Recommendation: minor revision
One of the two nominated referees had to cancel his/her participation for personnal reasons. I nonetheless received a positive preliminary feedback on this work. To save time in the review process, I have therefore decided to write a review myself.
The paper reads well and the methods are robust and clearly described. The results are important for the ice-sheet and sea-level communities, and I only have a few minor comments that will hopefully improve the paper:
L. 136: effect -> effects
L. 165: “with a percentage deviation of only 3%” -> specify in 2100 or 2300.
Fig. 3: indicate the units of tuned coefficients.
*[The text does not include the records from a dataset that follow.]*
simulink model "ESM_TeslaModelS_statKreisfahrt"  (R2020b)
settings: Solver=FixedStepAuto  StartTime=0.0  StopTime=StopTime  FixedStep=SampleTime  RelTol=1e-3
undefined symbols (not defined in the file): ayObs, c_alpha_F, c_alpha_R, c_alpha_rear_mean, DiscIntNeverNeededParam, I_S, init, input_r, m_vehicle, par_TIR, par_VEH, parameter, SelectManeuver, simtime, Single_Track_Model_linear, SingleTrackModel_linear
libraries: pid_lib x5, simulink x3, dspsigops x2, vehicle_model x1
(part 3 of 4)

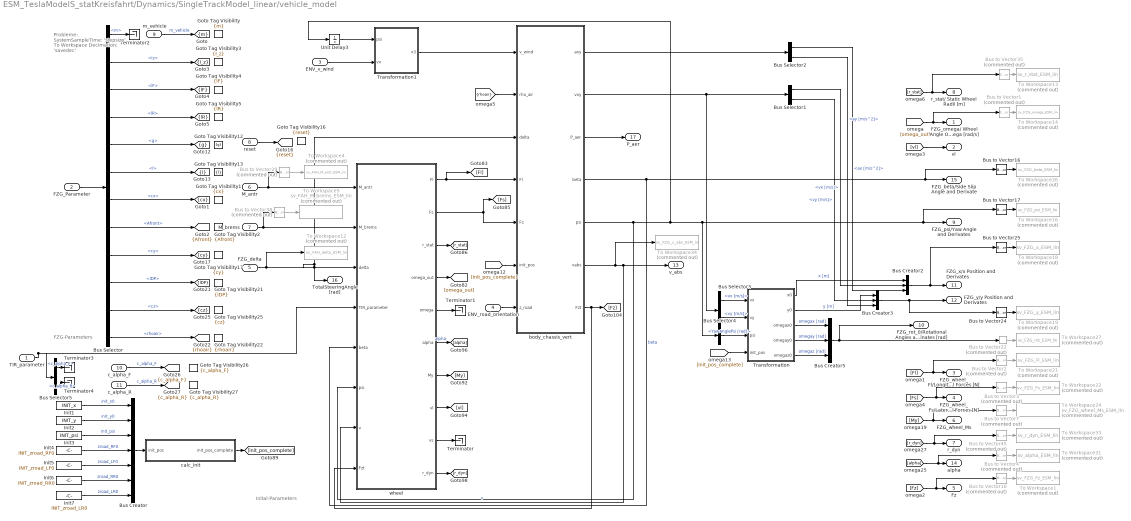
== system ESM_TeslaModelS_statKreisfahrt/Dynamics/SingleTrackModel_linear/vehicle_model ==
  note: Probleme:
      | SystemSampleTime: 'stepsize'
      |
      |
      | To Workspace
      | Decimation: 'savedec'
  note: FZG-Parameters
  note: Inital-Parameters
  TIR_parameter : Inport
  FZG_Parameter : Inport  Port=2
  ENV_v_wind : Inport  Port=3
  ENV_road_orientation : Inport  Port=4
  FZG_delta : Inport  Port=5
  M_antr : Inport  Port=6  PortDimensions=2
  M_brems : Inport  Port=7  PortDimensions=2
  reset : Inport  Port=8
  m_vehicle : Inport  Port=9
  c_alpha_F : Inport  Port=10
  c_alpha_R : Inport  Port=11
  Bus Creator : BusCreator  Inputs=7
  Bus Creator2 : BusCreator  Inputs=3
  Bus Creator3 : BusCreator  Inputs=3
  Bus Creator5 : BusCreator  Inputs=3
  Bus Selector : BusSelector  OutputSignals=m,Iz,lF,lR,g,l,cx,Afront,cy,lDP,cz,rhoair
  Bus Selector1 : BusSelector  OutputSignals=vx [m/s],vy [m/s]
  Bus Selector2 : BusSelector  OutputSignals=ax [m/s^2],ay [m/s^2]
  Bus Selector3 : BusSelector  OutputSignals=vx [m/s],vy [m/s]
  Bus Selector4 : BusSelector  OutputSignals=YawAnglePsi [rad]
  Bus Selector5 : BusSelector  OutputSignals=front.c_alpha_F,rear.c_alpha_R
  Bus to Vector{1..4,7,10,22,29,35,38,45} (11 alike) : BusToVector  Commented=on
  Bus to Vector{16..17,24..25} (4 alike) : BusToVector
  Goto Tag Visibility : GotoTagVisibility  GotoTag=m
  Goto Tag Visibility1 : GotoTagVisibility  GotoTag=cx
  Goto Tag Visibility12 : GotoTagVisibility  GotoTag=g
  Goto Tag Visibility13 : GotoTagVisibility  GotoTag=l
  Goto Tag Visibility16 : GotoTagVisibility  GotoTag=reset
  Goto Tag Visibility17 : GotoTagVisibility  GotoTag=cy
  Goto Tag Visibility2 : GotoTagVisibility  GotoTag=Afront
  Goto Tag Visibility21 : GotoTagVisibility  GotoTag=lDP
  Goto Tag Visibility22 : GotoTagVisibility  GotoTag=rhoair
  Goto Tag Visibility25 : GotoTagVisibility  GotoTag=cz
  Goto Tag Visibility26 : GotoTagVisibility  GotoTag=c_alpha_F
  Goto Tag Visibility27 : GotoTagVisibility  GotoTag=c_alpha_R
  Goto Tag Visibility3 : GotoTagVisibility  GotoTag=I_z
  Goto Tag Visibility4 : GotoTagVisibility  GotoTag=lF
  Goto Tag Visibility5 : GotoTagVisibility  GotoTag=lR
  Init1 : Constant  Value=INIT_x
  Init2 : Constant  Value=INIT_y
  Init3 : Constant  Value=INIT_psi
  Init4 : Constant  Value=INIT_zroad_RF0
  Init5 : Constant  Value=INIT_zroad_LF0
  Init6 : Constant  Value=INIT_zroad_RR0
  Init7 : Constant  Value=INIT_zroad_LR0
  Terminator{,1..4} (5 alike) : Terminator
  To Workspace1 : ToWorkspace  Commented=on  VariableName=sv_FZG_Fz_ESM_lin  SampleTime=-1
      settings: Decimation=savedec  Save2DSignal=2-D array (concatenate along first dimension)
  To Workspace12 : ToWorkspace  Commented=on  VariableName=sv_FAH_delta_ESM_lin  SampleTime=-1
      settings: Decimation=savedec  Save2DSignal=2-D array (concatenate along first dimension)
  To Workspace13 : ToWorkspace  Commented=on  VariableName=sv_r_stat_ESM_lin  SampleTime=-1
      settings: Decimation=savedec  Save2DSignal=2-D array (concatenate along first dimension)
  To Workspace14 : ToWorkspace  Commented=on  VariableName=sv_FZG_omega_ESM_lin  SampleTime=-1
      settings: Decimation=savedec  Save2DSignal=2-D array (concatenate along first dimension)
  To Workspace16 : ToWorkspace  Commented=on  VariableName=sv_FZG_psi_ESM_lin  SampleTime=-1
      settings: Decimation=savedec  Save2DSignal=2-D array (concatenate along first dimension)
  To Workspace18 : ToWorkspace  Commented=on  VariableName=sv_FZG_x_ESM_lin  SampleTime=-1
      settings: Decimation=savedec  Save2DSignal=2-D array (concatenate along first dimension)
  To Workspace19 : ToWorkspace  Commented=on  VariableName=sv_FZG_y_ESM_lin  SampleTime=-1
      settings: Decimation=savedec  Save2DSignal=2-D array (concatenate along first dimension)
  To Workspace21 : ToWorkspace  Commented=on  VariableName=sv_FZG_Fl_ESM_lin  SampleTime=-1
      settings: Decimation=savedec  Save2DSignal=2-D array (concatenate along first dimension)
  To Workspace22 : ToWorkspace  Commented=on  VariableName=sv_FZG_Fs_ESM_lin  SampleTime=-1
      settings: Decimation=savedec  Save2DSignal=2-D array (concatenate along first dimension)
  To Workspace24 : ToWorkspace  Commented=on  VariableName=sv_FZG_wheel_Ms_ESM_lin  SampleTime=-1
      settings: Decimation=savedec  Save2DSignal=2-D array (concatenate along first dimension)
  To Workspace26 : ToWorkspace  Commented=on  VariableName=sv_FZG_beta_ESM_lin  SampleTime=-1
      settings: Decimation=savedec  Save2DSignal=2-D array (concatenate along first dimension)
  To Workspace27 : ToWorkspace  Commented=on  VariableName=sv_FZG_rot_ESM_lin  SampleTime=-1
      settings: Decimation=savedec  Save2DSignal=2-D array (concatenate along first dimension)
  To Workspace31 : ToWorkspace  Commented=on  VariableName=sv_alpha_ESM_lin  SampleTime=-1
      settings: Decimation=savedec  Save2DSignal=2-D array (concatenate along first dimension)
  To Workspace33 : ToWorkspace  Commented=on  VariableName=sv_r_dyn_ESM_lin  SampleTime=-1
      settings: Decimation=savedec  Save2DSignal=2-D array (concatenate along first dimension)
  To Workspace34 : ToWorkspace  Commented=on  VariableName=sv_FZG_v_abs_ESM_lin  SampleTime=-1
      settings: Decimation=savedec  Save2DSignal=2-D array (concatenate along first dimension)
  To Workspace4 : ToWorkspace  Commented=on  VariableName=sv_FAH_M_antr_ESM_lin  SampleTime=-1
      settings: Decimation=savedec  Save2DSignal=2-D array (concatenate along first dimension)
  To Workspace5 : ToWorkspace  Commented=on  VariableName=sv_FAH_M_brems_ESM_lin  SampleTime=-1
      settings: Decimation=savedec  Save2DSignal=2-D array (concatenate along first dimension)
  Transformation : Subsystem
  Transformation1 : Subsystem
  Unit Delay3 : UnitDelay  SampleTime=-1  HasFrameUpgradeWarning=on
  body_chassis_vert : Subsystem
  calc_init : Subsystem
  wheel : Subsystem
  FZG_omega/ Wheel Angle Omega [rad/s] : Outport  VectorParamsAs1DForOutWhenUnconnected=off
  vl : Outport  Port=2  VectorParamsAs1DForOutWhenUnconnected=off
  FZG_wheel_Fl/Longitudinal Wheel Forces [N] : Outport  Port=3  VectorParamsAs1DForOutWhenUnconnected=off
  FZG_wheel_Fs/Lateral Wheel Forces [N] : Outport  Port=4  VectorParamsAs1DForOutWhenUnconnected=off
  Fz : Outport  Port=5  VectorParamsAs1DForOutWhenUnconnected=off
  FZG_wheel_Ms : Outport  Port=6  VectorParamsAs1DForOutWhenUnconnected=off
  r_dyn : Outport  Port=7  VectorParamsAs1DForOutWhenUnconnected=off
  r_stat/ Static Wheel Radii [m] : Outport  Port=8  VectorParamsAs1DForOutWhenUnconnected=off
  FZG_psi/Yaw Angle and Derivates : Outport  Port=9  VectorParamsAs1DForOutWhenUnconnected=off
  FZG_rot_0/Rotational Angles around Initial Coordinates [rad] : Outport  Port=10  VectorParamsAs1DForOutWhenUnconnected=off
  FZG_x/x Position and Derivates : Outport  Port=11  PortDimensions=3  VectorParamsAs1DForOutWhenUnconnected=off
  FZG_y/y Position and Derivates : Outport  Port=12  VectorParamsAs1DForOutWhenUnconnected=off
  v_abs : Outport  Port=13  VectorParamsAs1DForOutWhenUnconnected=off
  alpha : Outport  Port=14  VectorParamsAs1DForOutWhenUnconnected=off
  FZG_beta/Side Slip Angle and Derivate : Outport  Port=15  VectorParamsAs1DForOutWhenUnconnected=off
  TotalSteeringAngle [rad] : Outport  Port=16  VectorParamsAs1DForOutWhenUnconnected=off
  P_aer : Outport  Port=17  VectorParamsAs1DForOutWhenUnconnected=off
  tag scope: Afront=scoped, I_z=scoped, c_alpha_F=scoped, c_alpha_R=scoped, cx=scoped, cy=scoped, cz=scoped, g=scoped, l=scoped, lDP=scoped, lF=scoped, lR=scoped, m=scoped, reset=scoped, rhoair=scoped
  wires:
  M_antr/1 -> wheel/1(M_antr), Bus to Vector29/1
  Bus to Vector29/1 -> To Workspace4/1
  M_brems/1 -> Bus to Vector38/1, wheel/2(M_brems)
  Bus to Vector38/1 -> To Workspace5/1
  FZG_delta/1 -> wheel/3(delta), body_chassis_vert/3(delta), TotalSteeringAngle [rad]/1, To Workspace12/1
  Bus to Vector2/1 -> To Workspace21/1
  Bus to Vector25/1 -> To Workspace18/1
  Bus Creator5/1 -> Bus to Vector22/1, FZG_rot_0/Rotational Angles around Initial Coordinates [rad]/1
  Bus to Vector4/1 -> To Workspace31/1
  Bus to Vector1/1 -> To Workspace14/1
  Bus to Vector16/1 -> To Workspace26/1
  Bus to Vector24/1 -> To Workspace19/1
  [omega_out] -> FZG_omega/ Wheel Angle Omega [rad/s]/1, Bus to Vector1/1
  Bus to Vector17/1 -> To Workspace16/1
  Bus Creator3/1 -> Bus to Vector24/1, FZG_y/y Position and Derivates/1
  Bus to Vector3/1 -> To Workspace22/1
  Bus to Vector7/1 -> To Workspace24/1
  Bus to Vector35/1 -> To Workspace13/1
  Bus to Vector45/1 -> To Workspace33/1
  [Fl] -> FZG_wheel_Fl/Longitudinal Wheel Forces [N]/1, Bus to Vector2/1
  body_chassis_vert/5(psi) -> wheel/6(psi), Unit Delay3/1, Bus Selector4/1, FZG_psi/Yaw Angle and Derivates/1, Bus to Vector17/1
  [Fs] -> FZG_wheel_Fs/Lateral Wheel Forces [N]/1, Bus to Vector3/1
  [r_dyn] -> r_dyn/1, Bus to Vector45/1
  [My] -> FZG_wheel_Ms/1, Bus to Vector7/1
  Bus to Vector10/1 -> To Workspace1/1
  body_chassis_vert/4(beta) -> wheel/5(beta), FZG_beta/Side Slip Angle and Derivate/1, Bus to Vector16/1  "beta"
  [Fz] -> Fz/1, Bus to Vector10/1
  Bus Creator2/1 -> FZG_x/x Position and Derivates/1, Bus to Vector25/1
  [r_stat] -> r_stat/ Static Wheel Radii [m]/1, Bus to Vector35/1
  [alpha] -> alpha/1, Bus to Vector4/1
  Bus to Vector22/1 -> To Workspace27/1
  c_alpha_R/1 -> [c_alpha_R]  "c_alpha_R"
  c_alpha_F/1 -> [c_alpha_F]  "c_alpha_F"
  Init7/1 -> Bus Creator/7  "zroad_LR0"
  Init6/1 -> Bus Creator/6  "zroad_RR0"
  Init5/1 -> Bus Creator/5  "zroad_LF0"
  Init4/1 -> Bus Creator/4  "zroad_RF0"
  Init3/1 -> Bus Creator/3  "init_psi"
  Init2/1 -> Bus Creator/2  "init_y0"
  Init1/1 -> Bus Creator/1  "init_x0"
  [vl] -> vl/1
  wheel/10(r_dyn) -> [r_dyn]
  wheel/6(alpha) -> [alpha]  "alpha"
  wheel/9(vs) -> Terminator/1
  wheel/8(vl) -> [vl]
  wheel/7(My) -> [My]
  wheel/3(r_stat) -> [r_stat]
  [init_pos_complete] -> Transformation/4(init_pos)
  [init_pos_complete] -> body_chassis_vert/6(init_pos)
  calc_init/1(init_pos_complete) -> [init_pos_complete]
  TIR_parameter/1 -> wheel/4(TIR_parameter), Bus Selector5/1
  wheel/5(omega) -> Terminator1/1
  wheel/4(omega_out) -> [omega_out]
  body_chassis_vert/3(P_aer) -> P_aer/1
  Bus Selector/7 -> [cx]  "<cx>"
  Bus Selector/8 -> [Afront]  "<Afront>"
  Bus Selector/10 -> [lDP]  "<lDP>"
  Bus Selector/11 -> [cz]  "<cz>"
  body_chassis_vert/1(axy) -> Bus Selector2/1
  body_chassis_vert/2(vxy) -> Bus Selector1/1, Bus Selector3/1
  Bus Selector/9 -> [cy]  "<cy>"
  Unit Delay3/1 -> Transformation1/1(psi)
  Transformation1/1(x3) -> body_chassis_vert/1(v_wind)
  Bus Creator/1 -> calc_init/1(init_pos)
  Transformation/5(omegaz0) -> Bus Creator5/3  "omegaz [rad]"
  Transformation/4(omegay0) -> Bus Creator5/2  "omegay [rad]"
  Transformation/3(omegax0) -> Bus Creator5/1  "omegax [rad]"
  Bus Selector4/1 -> Transformation/3(psi)  "<YawAnglePsi [rad]>"
  Bus Selector3/2 -> Transformation/2(vy)  "<vy [m/s]>"
  Bus Selector3/1 -> Transformation/1(vx)  "<vx [m/s]>"
  Transformation/2(y0) -> Bus Creator3/1  "y [m]"
  Transformation/1(x0) -> Bus Creator2/1  "x [m]"
  ENV_road_orientation/1 -> body_chassis_vert/7(z_road)
  [rhoair] -> body_chassis_vert/2(rho_air)
  ENV_v_wind/1 -> Transformation1/2(vx)
  FZG_Parameter/1 -> Bus Selector/1
  wheel/2(Fs) -> body_chassis_vert/5(Fs), [Fs]
  body_chassis_vert/6(vabs) -> wheel/7(v), v_abs/1, To Workspace34/1  "v"
  Bus Selector/1 -> Terminator2/1  "<m>"
  Bus Selector/2 -> [I_z]  "<Iz>"
  Bus Selector/3 -> [lF]  "<lF>"
  Bus Selector/4 -> [lR]  "<lR>"
  Bus Selector/5 -> [g]  "<g>"
  Bus Selector/6 -> [l]  "<l>"
  wheel/1(Fl) -> body_chassis_vert/4(Fl), [Fl]
  Bus Selector1/1 -> Bus Creator2/2  "<vx [m/s]>"
  Bus Selector1/2 -> Bus Creator3/2  "<vy [m/s]>"
  Bus Selector2/1 -> Bus Creator2/3  "<ax [m/s^2]>"
  Bus Selector2/2 -> Bus Creator3/3  "<ay [m/s^2]>"
  reset/1 -> [reset]
  body_chassis_vert/7(Fzt) -> [Fz], wheel/8(Fzt)
  Bus Selector/12 -> [rhoair]  "<rhoair>"
  m_vehicle/1 -> [m]  "m_vehicle"
  Bus Selector5/2 -> Terminator4/1  "<c_alpha_R>"
  Bus Selector5/1 -> Terminator3/1  "<c_alpha_F>"

== system ESM_TeslaModelS_statKreisfahrt/Driver and Environment/quasistationare Kreisfahrt/PID Driver Steering r/driver ==
  note: I-Glied muss proportional an stepsize angepasst werden.
      | Gute Einstellung: Stepsize 0.0005 , I-Glied: 100 , P-Glied: 0
  r ist : Inport
  r soll : Inport  Port=2
  Math Function : Math  Operator=reciprocal  SignedPower=on  SaturateOnIntegerOverflow=on
  Math Function1 : Math  Operator=reciprocal  SignedPower=on  SaturateOnIntegerOverflow=on
  PI-Controller : Subsystem
  Sum1 : Sum  Inputs=|-+
  not_zero : Subsystem
  not_zero1 : Subsystem
  delta_h : Outport  VectorParamsAs1DForOutWhenUnconnected=off
  wires:
  r soll/1 -> not_zero1/1(In1)
  r ist/1 -> not_zero/1(In1)
  not_zero1/1(Out1) -> Math Function1/1
  not_zero/1(Out1) -> Math Function/1
  Sum1/1 -> PI-Controller/1(" Regelabweichung")
  Math Function1/1 -> Sum1/2
  Math Function/1 -> Sum1/1
  PI-Controller/1(Stellgröße) -> delta_h/1

== system ESM_TeslaModelS_statKreisfahrt/Driver and Environment/quasistationare Kreisfahrt/PID Driver Steering r/not_zero ==
  In1 : Inport
  Constant : Constant  Value=0.0000000000001
  Switch : Switch  Criteria=u2 ~= 0  Threshold=0.1
  Out1 : Outport  VectorParamsAs1DForOutWhenUnconnected=off
  wires:
  In1/1 -> Switch/1, Switch/2
  Constant/1 -> Switch/3
  Switch/1 -> Out1/1

== system ESM_TeslaModelS_statKreisfahrt/Driver and Environment/quasistationare Kreisfahrt mit Lastwechsel Beschleunigung/PID Driver Steering r_mit Lastwechsel Beschleunigung/driver ==
  note: I-Glied muss proportional an stepsize angepasst werden.
      | Gute Einstellung: Stepsize 0.0005 , I-Glied: 100 , P-Glied: 0
  r ist : Inport
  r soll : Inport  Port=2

Section 3.3: the increased surface mass balance for higher temperatures holds for moderate warming, but for RCP8.5 warming to 2300, there will likely be more ablation by surface melting and the surface mass balance may become negative at some locations (see Kittel et al. 2021, their Fig. 5 where the negative runoff contribution of the grounded-ice SMB starts to significantly increase towards 2100). This is likely somewhat captured by the lower bound of the p parameter which is well below what is expected from the Clausius-Clapeyron relationship, but this could be briefly discussed.
L. 215-221: please provide references, e.g. to IPCC-AR5, and indicate whether the provided warming values refer to the CMIP5 multi-model mean or to the MAGICC emulator.
L. 275: a better or additional reference here would be Favier et al. (2019) in which the box model (“PICO”) was evaluated as a relatively good parameterization: Favier et al. (2019). Assessment of sub-shelf melting parameterisations using the ocean–ice-sheet coupled model NEMO (v3. 6)–Elmer/Ice (v8. 3). Geosci. Mod. Dev., 12(6), 2255-2283.
L. 280: indicate that this is sea-floor temperature and salinity.
Discussion section: There is a deep uncertainty related to processes that are not represented, e.g. evolution of the position of the calving front, hydrofracturing due to higher surface melt in the future, evolution of ice damage. Some of these processes may play a key role in the future FRIS contribution to sea level, and this should be discussed.
Dear Emily Hill and coauthors,
I've received late external feedbacks on your paper. Please also provide responses to these four points:- A single model realisation is used to create the 2300 projections. It would have been more rigorous to use several simulations, in order to test the extremes of plausible scenarios.
- A Latin hypercube is used to sample 500 parameter values. Why was 500 chosen as the design size ? Has anything been done to check the plausibility of the values or to sample extremes?
- Several parameters are given uniform priors without much reasoning. Why was uniform the best choice?
- The long tail for RCP8.5 contributions at 2300 is mentioned as being due to certain parameter combinations – what combinations? Are they plausible? That would tell a lot about how much attention should be paid to these upper values.